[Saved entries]
=== Begin Enclosure ===
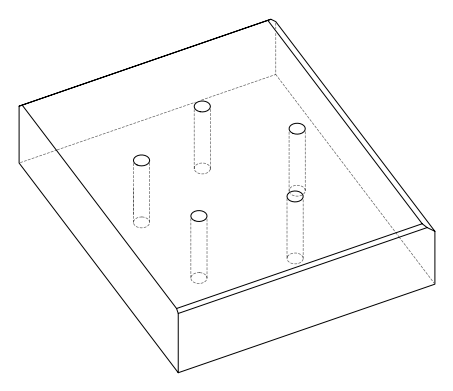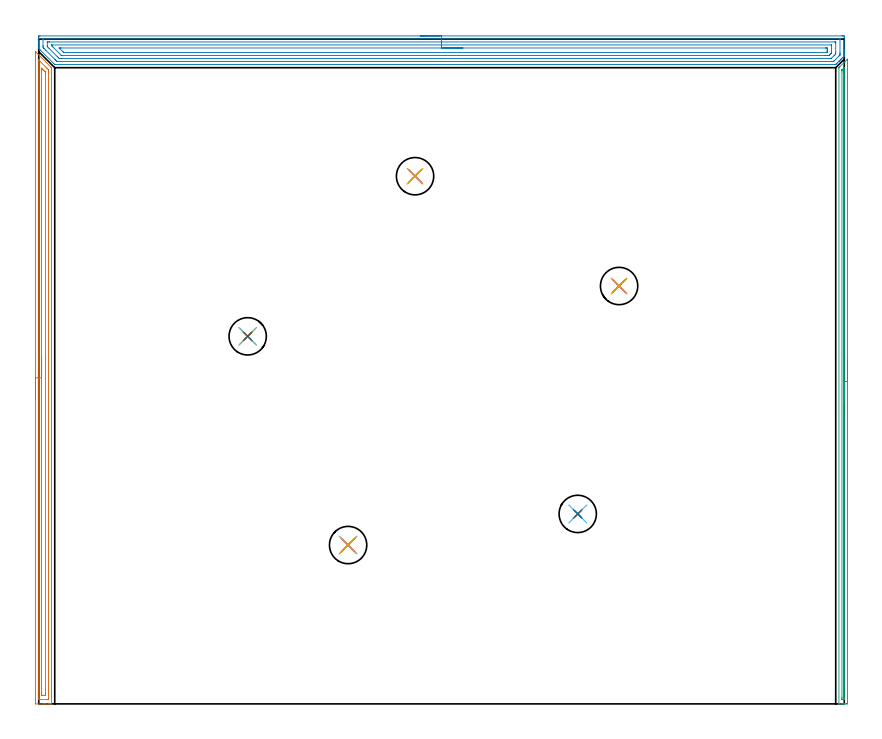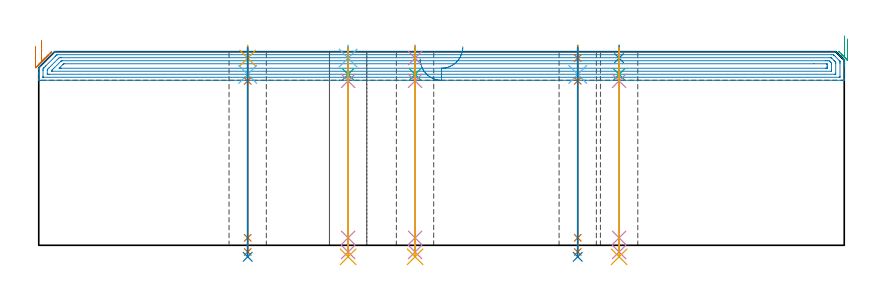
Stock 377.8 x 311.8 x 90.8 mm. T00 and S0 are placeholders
(PLAN: 23 operations, 16 tool changes, 32.5 min)
(1 AREA_MILL | FG_CHAMFER_SURFACE | UGT0205_001 | 7.46 min | 8728 mm3)
(2 AREA_MILL_1 | FG_CHAMFER_SURFACE_1 | UGT0205_001 | 15.28 min | 33658 mm3)
(3 AREA_MILL_2 | FG_CHAMFER_SURFACE_2 | UGT0205_001 | 4.97 min | 2400 mm3)
(4 SPOT_DRILL | STEP1HOLE | NXT0321_9005460120000 | 0.05 min | 183 mm3)
(5 SPOT_DRILL_1 | STEP1HOLE_1 | NXT0321_9005460120000 | 0.05 min | 181 mm3)
(6 SPOT_DRILL_2 | STEP1HOLE_2 | NXT0321_9005460120000 | 0.05 min | 184 mm3)
(7 SPOT_DRILL_3 | STEP1HOLE_3 | NXT0321_9005460120000 | 0.05 min | 182 mm3)
(8 SPOT_DRILL_4 | STEP1HOLE_4 | NXT0321_9005460120000 | 0.05 min | 182 mm3)
(9 DRILL_BLIND_HOLE_INTO_CENTER | STEP1HOLE | UGT0301_191 | 0.05 min | 276 mm3)
(10 GUN_DRILL_THROUGH_HOLE | STEP1HOLE | UGT0307_003 | 0.46 min | 3111 mm3)
(11 SPADE_DRILL_TO_ENLARGE_THROUGH_HOLE | STEP1HOLE | UGT0306_008 | 0.39 min | 18234 mm3)
(12 DRILL_BLIND_HOLE_INTO_CENTER_1 | STEP1HOLE_1 | UGT0301_191 | 0.05 min | 276 mm3)
(13 GUN_DRILL_THROUGH_HOLE_1 | STEP1HOLE_1 | UGT0307_003 | 0.46 min | 3114 mm3)
(14 SPADE_DRILL_TO_ENLARGE_THROUGH_HOLE_1 | STEP1HOLE_1 | UGT0306_008 | 0.39 min | 18234 mm3)
(15 DRILL_BLIND_HOLE_INTO_CENTER_2 | STEP1HOLE_2 | UGT0301_191 | 0.05 min | 278 mm3)
(16 GUN_DRILL_THROUGH_HOLE_2 | STEP1HOLE_2 | UGT0307_003 | 0.46 min | 3110 mm3)
(17 SPADE_DRILL_TO_ENLARGE_THROUGH_HOLE_2 | STEP1HOLE_2 | UGT0306_008 | 0.39 min | 18234 mm3)
(18 DRILL_BLIND_HOLE_INTO_CENTER_3 | STEP1HOLE_3 | UGT0301_191 | 0.05 min | 280 mm3)
(19 GUN_DRILL_THROUGH_HOLE_3 | STEP1HOLE_3 | UGT0307_003 | 0.46 min | 3112 mm3)
(20 SPADE_DRILL_TO_ENLARGE_THROUGH_HOLE_3 | STEP1HOLE_3 | UGT0306_008 | 0.39 min | 18237 mm3)
(21 DRILL_BLIND_HOLE_INTO_CENTER_4 | STEP1HOLE_4 | UGT0301_191 | 0.05 min | 277 mm3)
(22 GUN_DRILL_THROUGH_HOLE_4 | STEP1HOLE_4 | UGT0307_003 | 0.46 min | 3115 mm3)
(23 SPADE_DRILL_TO_ENLARGE_THROUGH_HOLE_4 | STEP1HOLE_4 | UGT0306_008 | 0.39 min | 18229 mm3)
(TOOL UGT0205_001 | Chamfer Mill 20 x 3 x 45 deg. | D20 FL50 Z2)
(TOOL NXT0321_9005460120000 | NC Spot Drill, 142deg, 12mm, Carbide, Uncoated | D12 PA142 FL30 Z2)
(TOOL UGT0301_191 | Twist Drill 7.1 mm | D7.1 PA118 FL66 Z2)
(TOOL UGT0307_003 | Gun Drill 7 mm | D7 PA130 FL24 Z1)
(TOOL UGT0306_008 | Spade Drill 17.5mm | D17.5 PA132 FL10 Z2)
(OP 1 AREA_MILL)
G17 G21 G94 G90
T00 M6
G54
G17 G0 G90 X-1.5 Y142.95 S1061 M3
G43 Z100.8 H0
Z93.3
G94 G1 Y142.988 Z92.428 F250.
Y143.102 Z91.564
Y143.291 Z90.712
Y143.553 Z89.88
Y143.887 Z89.074
Y144.29 Z88.3
Y144.758 Z87.564
Y145.29 Z86.872
Y145.879 Z86.229
Y146.522 Z85.64
Y147.214 Z85.108
Y147.95 Z84.64
Y148.724 Z84.237
Y149.53 Z83.903
Y150.362 Z83.641
Y151.213 Z83.452
Y152.078 Z83.338
Y152.95 Z83.3
Y305.812
X-1.495 Y305.876 Z83.303
X-1.493 Y305.882 Z83.305
X-1.475 Y305.876 Z83.322
X-1.325 Y305.726 Z83.472
X-1.178 Y305.578 Z83.621
X5.875 Y298.526 Z90.674
X6.001 Y298.4 Z90.799
X6. Y298.155 Z90.8
Y0.172
X5.997 Y0.01 Z90.788
X5.935 Y0.007 Z90.726
X5.519 Y0. Z90.319
X5.174 Z89.974
X4.484 Z89.279
X3.245 Z88.042
X2.697 Z87.491
X2.077 Z86.873
X-1.496 Y0.001 Z83.301
X-1.497 Y0.002 Z83.3
X-1.5 Y0.619
Y152.95
X-0.086 Z84.714
X-0.085 Y301.808 Z84.715
X-0.084 Y301.91 Z84.716
X-0.081 Y301.977 Z84.719
X-0.079 Y302.015 Z84.721
X-0.063 Y302.002 Z84.737
X0.016 Y301.93 Z84.816
X0.243 Y301.707 Z85.043
X3.816 Y298.133 Z88.616
X4.484 Y297.454 Z89.284
X4.579 Y297.337 Z89.379
X4.582 Y297.24 Z89.382
X4.584 Y297.14 Z89.384
X4.586 Y296.346 Z89.386
Y296.245
X4.585 Y2.305 Z89.385
X4.583 Y2.203 Z89.383
X4.579 Y2.01 Z89.379
X4.484 Y2.008 Z89.284
X3.995 Y2.001 Z88.795
X0.422 Y2. Z85.222
X0.016 Y2.004 Z84.816
X-0.042 Y2.006 Z84.758
X-0.071 Y2.009 Z84.729
X-0.079 Y2.102 Z84.721
X-0.084 Y2.304 Z84.716
X-0.085 Y2.406 Z84.715
X-0.086 Y152.95 Z84.714
X1.328 Z86.128
X1.329 Y297.24 Z86.129
X1.33 Y297.713 Z86.13
X1.335 Y298.133 Z86.135
X1.336 Y298.153 Z86.136
X1.363 Y298.133 Z86.163
X1.803 Y297.697 Z86.603
X2.261 Y297.24 Z87.061
X2.697 Y296.801 Z87.497
X3.146 Y296.346 Z87.946
X3.165 Y296.313 Z87.965
X3.167 Y296.286 Z87.967
X3.17 Y296.228 Z87.97
X3.171 Y296.109 Z87.971
Y295.872
Y4.612
X3.169 Y4.193 Z87.969
X3.167 Y4.075 Z87.967
X3.165 Y4.024 Z87.965
X3.082 Y4.01 Z87.882
X2.887 Y4.002 Z87.687
X1.803 Y4. Z86.603
X1.61 Y4.001 Z86.41
X1.482 Y4.005 Z86.282
X1.379 Y4.01 Z86.179
X1.335 Y4.016 Z86.135
X1.334 Y4.036 Z86.134
X1.331 Y4.193 Z86.131
X1.329 Y4.667 Z86.129
X1.328 Y152.95 Z86.128
Y153.822 Z86.167
Y154.686 Z86.28
Y155.538 Z86.469
Y156.37 Z86.732
Y157.176 Z87.065
Y157.95 Z87.468
Y158.686 Z87.937
Y159.378 Z88.468
Y160.021 Z89.057
Y160.61 Z89.701
Y161.141 Z90.393
Y161.61 Z91.128
Y162.013 Z91.902
Y162.347 Z92.708
Y162.609 Z93.54
Y162.798 Z94.392
Y162.912 Z95.257
Y162.95 Z96.128
G0 Z100.8
M5
M2
(OP 2 AREA_MILL_1)
G17 G21 G94 G90
T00 M6
G54
G17 G0 G90 X178.9 Y313.3 S1061 M3
G43 Z100.8 H0
Z87.4
G94 G1 X178.938 Z86.528 F250.
X179.052 Z85.664
X179.241 Z84.812
X179.503 Z83.98
X179.837 Z83.174
X180.24 Z82.4
X180.708 Z81.664
X181.24 Z80.972
X181.829 Z80.329
X182.472 Z79.74
X183.164 Z79.209
X183.9 Z78.74
X184.674 Z78.337
X185.48 Z78.003
X186.312 Z77.741
X187.164 Z77.552
X188.028 Z77.438
X188.9 Z77.4
X376.659
X377.168 Y313.298 Z77.402
X377.671 Y313.294 Z77.404
X377.791 Y313.292 Z77.406
X377.8 Y312.796 Z77.901
Y306.6 Z84.094
Y306.082 Z84.615
Y305.715 Z84.981
Y305.196 Z85.499
Y304.83 Z85.865
Y304.052 Z86.646
Y303.998 Z86.7
X377.797 Y303.944 Z86.753
X377.794 Y303.905 Z86.792
X377.764 Y303.867 Z86.831
X377.597 Y303.696 Z87.003
X377.168 Y303.267 Z87.432
X376.961 Y303.059 Z87.637
X376.36 Y302.46 Z88.24
X376.273 Y302.373 Z88.326
X376.076 Y302.174 Z88.522
X375.975 Y302.075 Z88.625
X375.879 Y301.979 Z88.72
X375.781 Y301.879 Z88.817
X375.677 Y301.777 Z88.923
X375.587 Y301.687 Z89.012
X375.486 Y301.584 Z89.112
X375.379 Y301.479 Z89.221
X375.295 Y301.395 Z89.305
X375.191 Y301.289 Z89.407
X374.484 Y300.583 Z90.114
X374.305 Y300.404 Z90.294
X374.037 Y300.137 Z90.563
X373.866 Y299.969 Z90.728
X373.795 Y299.904 Z90.789
X373.59 Y299.9 Z90.8
X7.788
X7.497 Y299.906 Z90.792
X7.389 Y300.01 Z90.688
X6.996 Y300.404 Z90.296
X0.798 Y306.6 Z84.096
X0.423 Y306.976 Z83.723
X0.287 Y307.113 Z83.587
X0.036 Y307.367 Z83.331
X0.004 Y307.407 Z83.29
X0. Y307.593 Z83.106
Y308.37 Z82.324
Y309.622 Z81.074
Y310.141 Z80.554
Y310.767 Z79.929
Y312.537 Z78.159
X0.003 Y312.796 Z77.9
X0.009 Y313.291 Z77.406
X0.129 Y313.294 Z77.403
X0.633 Y313.3 Z77.4
X188.9
Y311.886 Z78.814
X375.405 Y311.885 Z78.815
X375.79 Y311.878 Z78.822
X375.794 Y311.755 Z78.945
X375.799 Y311.495 Z79.205
X375.8 Y305.298 Z85.402
X375.799 Y304.83 Z85.87
X375.795 Y304.417 Z86.283
X375.79 Y304.356 Z86.344
X375.761 Y304.322 Z86.378
X375.681 Y304.237 Z86.463
X375.395 Y303.944 Z86.756
X373.624 Y302.174 Z88.526
X373.162 Y301.712 Z88.988
X373.006 Y301.558 Z89.142
X372.879 Y301.435 Z89.265
X372.792 Y301.354 Z89.346
X372.745 Y301.321 Z89.379
X372.696 Y301.317 Z89.383
X372.669 Y301.315 Z89.385
X371.801 Y301.314 Z89.386
X8.682 Y301.315 Z89.385
X8.655
X8.553 Y301.321 Z89.379
X8.145 Y301.714 Z88.986
X7.904 Y301.948 Z88.752
X7.788 Y302.062 Z88.638
X7.676 Y302.174 Z88.526
X3.25 Y306.6 Z84.1
X2.421 Y307.43 Z83.27
X2.371 Y307.485 Z83.215
X2.01 Y307.892 Z82.808
X2.005 Y308.37 Z82.33
X2.001 Y308.786 Z81.914
Y311.442 Z79.258
X2.008 Y311.859 Z78.841
X2.01 Y311.88 Z78.82
X2.016 Y311.882 Z78.818
X2.041 Y311.884 Z78.816
X2.095 Y311.885 Z78.815
X2.204 Y311.886 Z78.814
X188.9
Y310.471 Z80.229
X373.256
X373.59 Y310.469 Z80.231
X373.701 Y310.468 Z80.232
X373.781 Y310.465 Z80.235
X373.79 Y310.348 Z80.352
X373.796 Y310.141 Z80.559
X373.799 Y309.934 Z80.766
Y305.508 Z85.192
X373.79 Y304.83 Z85.87
X373.705 Y304.716 Z85.984
X373.59 Y304.593 Z86.107
X373.266 Y304.266 Z86.434
X372.945 Y303.944 Z86.756
X371.931 Y302.931 Z87.769
X371.801 Y302.805 Z87.895
X371.726 Y302.737 Z87.963
X371.661 Y302.734 Z87.966
X371.521 Y302.731 Z87.969
X371.241 Y302.729 Z87.971
X10.471
X9.907 Y302.732 Z87.968
X9.576 Y302.735 Z87.965
X9.246 Y303.059 Z87.641
X8.682 Y303.618 Z87.082
X4.814 Y307.485 Z83.215
X4.21 Y308.092 Z82.608
X4.076 Y308.234 Z82.466
X4.012 Y308.304 Z82.396
X4.009 Y308.37 Z82.33
X4.002 Y308.576 Z82.124
X4.001 Y310.141 Z80.559
X4.002 Y310.347 Z80.353
X4.006 Y310.417 Z80.283
X4.011 Y310.465 Z80.235
X4.044 Y310.466 Z80.234
X4.21 Y310.469 Z80.231
X4.771 Y310.471 Z80.229
X5.104
X188.9
Y309.057 Z81.643
X371.674
X371.73 Y309.056 Z81.644
X371.77 Y309.053 Z81.647
X371.787 Y309.051 Z81.649
X371.79 Y309.032 Z81.668
X371.795 Y308.813 Z81.887
X371.8 Y308.372 Z82.328
Y305.716 Z84.984
X371.79 Y305.275 Z85.425
X371.584 Y305.045 Z85.655
X371.376 Y304.83 Z85.87
X371.144 Y304.595 Z86.105
X370.907 Y304.359 Z86.341
X370.694 Y304.155 Z86.545
X370.012 Y304.146 Z86.554
X369.811 Y304.144 Z86.556
X369.118 Y304.143 Z86.557
X368.918
X11.164
X10.818 Y304.147 Z86.553
X10.646 Y304.15 Z86.55
X10.605 Y304.155 Z86.545
X10.555 Y304.201 Z86.499
X10.471 Y304.28 Z86.42
X6.893 Y307.855 Z82.845
X6.38 Y308.37 Z82.33
X6.213 Y308.541 Z82.159
X6.083 Y308.678 Z82.022
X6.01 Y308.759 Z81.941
=== End Enclosure ===
The required output is every line above from the one with "Y306.082 Z84.615" down to the one with "X373.79 Y304.83 Z85.87", restated word for word, ends included.

[Task output]
Y306.082 Z84.615
Y305.715 Z84.981
Y305.196 Z85.499
Y304.83 Z85.865
Y304.052 Z86.646
Y303.998 Z86.7
X377.797 Y303.944 Z86.753
X377.794 Y303.905 Z86.792
X377.764 Y303.867 Z86.831
X377.597 Y303.696 Z87.003
X377.168 Y303.267 Z87.432
X376.961 Y303.059 Z87.637
X376.36 Y302.46 Z88.24
X376.273 Y302.373 Z88.326
X376.076 Y302.174 Z88.522
X375.975 Y302.075 Z88.625
X375.879 Y301.979 Z88.72
X375.781 Y301.879 Z88.817
X375.677 Y301.777 Z88.923
X375.587 Y301.687 Z89.012
X375.486 Y301.584 Z89.112
X375.379 Y301.479 Z89.221
X375.295 Y301.395 Z89.305
X375.191 Y301.289 Z89.407
X374.484 Y300.583 Z90.114
X374.305 Y300.404 Z90.294
X374.037 Y300.137 Z90.563
X373.866 Y299.969 Z90.728
X373.795 Y299.904 Z90.789
X373.59 Y299.9 Z90.8
X7.788
X7.497 Y299.906 Z90.792
X7.389 Y300.01 Z90.688
X6.996 Y300.404 Z90.296
X0.798 Y306.6 Z84.096
X0.423 Y306.976 Z83.723
X0.287 Y307.113 Z83.587
X0.036 Y307.367 Z83.331
X0.004 Y307.407 Z83.29
X0. Y307.593 Z83.106
Y308.37 Z82.324
Y309.622 Z81.074
Y310.141 Z80.554
Y310.767 Z79.929
Y312.537 Z78.159
X0.003 Y312.796 Z77.9
X0.009 Y313.291 Z77.406
X0.129 Y313.294 Z77.403
X0.633 Y313.3 Z77.4
X188.9
Y311.886 Z78.814
X375.405 Y311.885 Z78.815
X375.79 Y311.878 Z78.822
X375.794 Y311.755 Z78.945
X375.799 Y311.495 Z79.205
X375.8 Y305.298 Z85.402
X375.799 Y304.83 Z85.87
X375.795 Y304.417 Z86.283
X375.79 Y304.356 Z86.344
X375.761 Y304.322 Z86.378
X375.681 Y304.237 Z86.463
X375.395 Y303.944 Z86.756
X373.624 Y302.174 Z88.526
X373.162 Y301.712 Z88.988
X373.006 Y301.558 Z89.142
X372.879 Y301.435 Z89.265
X372.792 Y301.354 Z89.346
X372.745 Y301.321 Z89.379
X372.696 Y301.317 Z89.383
X372.669 Y301.315 Z89.385
X371.801 Y301.314 Z89.386
X8.682 Y301.315 Z89.385
X8.655
X8.553 Y301.321 Z89.379
X8.145 Y301.714 Z88.986
X7.904 Y301.948 Z88.752
X7.788 Y302.062 Z88.638
X7.676 Y302.174 Z88.526
X3.25 Y306.6 Z84.1
X2.421 Y307.43 Z83.27
X2.371 Y307.485 Z83.215
X2.01 Y307.892 Z82.808
X2.005 Y308.37 Z82.33
X2.001 Y308.786 Z81.914
Y311.442 Z79.258
X2.008 Y311.859 Z78.841
X2.01 Y311.88 Z78.82
X2.016 Y311.882 Z78.818
X2.041 Y311.884 Z78.816
X2.095 Y311.885 Z78.815
X2.204 Y311.886 Z78.814
X188.9
Y310.471 Z80.229
X373.256
X373.59 Y310.469 Z80.231
X373.701 Y310.468 Z80.232
X373.781 Y310.465 Z80.235
X373.79 Y310.348 Z80.352
X373.796 Y310.141 Z80.559
X373.799 Y309.934 Z80.766
Y305.508 Z85.192
X373.79 Y304.83 Z85.87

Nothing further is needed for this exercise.